In an action to recover damages for personal injuries, the defendant appeals from an interlocutory judgment of the Supreme Court, Westchester County (Coppola, J.H.O.), dated December 5, 2005, which, upon a jury verdict finding it to be 85% at fault in the happening of the accident, is in favor of the plaintiff and against it on the issue of liability.
Ordered that the interlocutory judgment is reversed, on the law, with costs, and the complaint is dismissed.
Although a contractual obligation alone generally does not create a duty of care toward a third party (see Church v Callanan Indus., 99 NY2d 104, 111 [2002]), the Court of Appeals, in Espinal v Melville Snow Contrs. (98 NY2d 136, 140 [2002] [citations omitted]), described three circumstances in which a contracting party assumes a duty of care to persons outside the contract. These are: "(1) where the contracting party, in failing to exercise reasonable care in the performance of his [or her] duties, 'launches a force or instrument of harm'; (2) where the plaintiff detrimentally relies on the continued performance of the contracting party's duties and (3) where the contracting party has entirely displaced the other party's duty to maintain the premises safely."

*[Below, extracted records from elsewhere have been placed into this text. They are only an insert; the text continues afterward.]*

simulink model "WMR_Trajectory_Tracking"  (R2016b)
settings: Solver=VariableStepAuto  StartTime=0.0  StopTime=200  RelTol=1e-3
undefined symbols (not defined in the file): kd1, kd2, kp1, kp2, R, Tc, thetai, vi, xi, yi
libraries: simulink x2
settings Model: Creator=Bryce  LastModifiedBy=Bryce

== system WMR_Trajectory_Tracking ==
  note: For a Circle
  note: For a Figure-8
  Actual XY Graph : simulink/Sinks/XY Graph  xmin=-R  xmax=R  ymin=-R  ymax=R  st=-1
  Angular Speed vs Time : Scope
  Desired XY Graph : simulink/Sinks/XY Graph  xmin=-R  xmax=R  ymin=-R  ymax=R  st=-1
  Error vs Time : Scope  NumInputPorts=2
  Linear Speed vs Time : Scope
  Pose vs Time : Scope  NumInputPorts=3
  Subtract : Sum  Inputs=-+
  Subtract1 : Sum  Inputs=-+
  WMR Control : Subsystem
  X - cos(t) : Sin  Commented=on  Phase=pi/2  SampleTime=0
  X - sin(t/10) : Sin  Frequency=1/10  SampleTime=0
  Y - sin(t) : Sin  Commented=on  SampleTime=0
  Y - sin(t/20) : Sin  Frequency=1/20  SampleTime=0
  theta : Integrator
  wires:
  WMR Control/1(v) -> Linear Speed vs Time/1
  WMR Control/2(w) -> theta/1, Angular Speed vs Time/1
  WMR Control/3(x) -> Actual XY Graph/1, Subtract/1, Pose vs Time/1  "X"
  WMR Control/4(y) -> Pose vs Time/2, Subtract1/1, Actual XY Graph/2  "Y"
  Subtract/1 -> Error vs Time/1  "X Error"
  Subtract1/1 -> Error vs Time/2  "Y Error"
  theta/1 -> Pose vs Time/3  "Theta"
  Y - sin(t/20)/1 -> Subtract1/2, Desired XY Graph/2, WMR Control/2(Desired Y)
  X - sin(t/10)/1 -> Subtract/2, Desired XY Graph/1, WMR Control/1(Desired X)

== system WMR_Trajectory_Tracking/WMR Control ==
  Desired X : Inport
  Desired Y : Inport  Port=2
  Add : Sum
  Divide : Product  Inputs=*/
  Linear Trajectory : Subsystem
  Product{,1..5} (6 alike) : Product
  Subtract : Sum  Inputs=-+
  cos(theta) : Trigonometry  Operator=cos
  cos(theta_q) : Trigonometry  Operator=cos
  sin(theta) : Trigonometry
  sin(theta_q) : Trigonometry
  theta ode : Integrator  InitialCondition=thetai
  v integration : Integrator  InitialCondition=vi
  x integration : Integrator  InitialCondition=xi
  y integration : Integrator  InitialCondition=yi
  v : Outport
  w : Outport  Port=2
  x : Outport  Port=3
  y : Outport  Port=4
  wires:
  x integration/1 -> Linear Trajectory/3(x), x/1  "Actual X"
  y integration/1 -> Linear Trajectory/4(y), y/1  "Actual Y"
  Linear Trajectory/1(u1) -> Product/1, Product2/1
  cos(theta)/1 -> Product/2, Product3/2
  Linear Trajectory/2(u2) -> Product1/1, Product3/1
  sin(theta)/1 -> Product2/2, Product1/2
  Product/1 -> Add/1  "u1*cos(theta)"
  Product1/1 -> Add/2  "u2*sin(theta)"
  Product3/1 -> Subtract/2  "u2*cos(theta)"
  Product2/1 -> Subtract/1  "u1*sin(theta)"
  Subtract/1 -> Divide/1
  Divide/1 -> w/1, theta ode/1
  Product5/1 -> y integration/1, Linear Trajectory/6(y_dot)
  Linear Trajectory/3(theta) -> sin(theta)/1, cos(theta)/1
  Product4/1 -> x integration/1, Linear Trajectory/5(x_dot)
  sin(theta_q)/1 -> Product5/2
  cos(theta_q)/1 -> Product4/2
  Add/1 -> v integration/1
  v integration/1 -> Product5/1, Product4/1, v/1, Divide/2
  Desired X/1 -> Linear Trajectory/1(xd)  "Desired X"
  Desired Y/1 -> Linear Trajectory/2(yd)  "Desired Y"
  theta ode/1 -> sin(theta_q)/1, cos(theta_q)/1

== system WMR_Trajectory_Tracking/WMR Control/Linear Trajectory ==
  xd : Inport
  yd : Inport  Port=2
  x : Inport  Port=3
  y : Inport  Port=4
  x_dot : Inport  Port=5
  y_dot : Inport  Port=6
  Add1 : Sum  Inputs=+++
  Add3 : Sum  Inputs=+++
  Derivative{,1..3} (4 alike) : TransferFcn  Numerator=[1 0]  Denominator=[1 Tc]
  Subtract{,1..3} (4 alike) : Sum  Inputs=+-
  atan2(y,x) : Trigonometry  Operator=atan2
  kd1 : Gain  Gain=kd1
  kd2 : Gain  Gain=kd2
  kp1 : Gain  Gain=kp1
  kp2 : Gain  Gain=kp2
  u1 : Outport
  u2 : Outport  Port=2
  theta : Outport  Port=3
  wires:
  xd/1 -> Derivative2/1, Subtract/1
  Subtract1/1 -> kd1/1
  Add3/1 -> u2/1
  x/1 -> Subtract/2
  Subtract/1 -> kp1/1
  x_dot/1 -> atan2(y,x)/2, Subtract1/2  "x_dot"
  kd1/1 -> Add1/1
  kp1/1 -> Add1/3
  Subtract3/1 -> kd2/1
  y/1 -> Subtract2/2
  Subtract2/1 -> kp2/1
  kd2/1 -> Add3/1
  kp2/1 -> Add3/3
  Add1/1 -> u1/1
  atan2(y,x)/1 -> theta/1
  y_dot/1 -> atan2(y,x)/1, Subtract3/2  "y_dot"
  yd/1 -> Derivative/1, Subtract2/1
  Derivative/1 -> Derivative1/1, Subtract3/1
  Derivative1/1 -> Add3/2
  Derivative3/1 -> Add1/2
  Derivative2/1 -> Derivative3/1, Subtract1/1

In an order denying the defendant's motion for summary judgment dismissing the complaint entered May 29, 2003, the Supreme Court properly found that the second and third [*2]theories of liability articulated in Espinal did not apply in the instant case. Thus, the plaintiff could only succeed if she demonstrated at trial that the defendant launched a force or instrument of harm. In order to establish this, the plaintiff was required to show that the defendant either created or exacerbated a dangerous condition (see Espinal v Melville Snow Contrs., supra; see also Fung v Japan Airlines Co., Ltd., 31 AD3d 707 [2006]). The plaintiff failed to present any such evidence at trial (cf. Davilmar v City of New York, 7 AD3d 559, 560 [2004], citing Ruiz v Peralta, 306 AD2d 150 [2003]). Accordingly, the interlocutory judgment must be reversed, and the complaint dismissed. Schmidt, J.P., Santucci, Florio and Balkin, JJ., concur.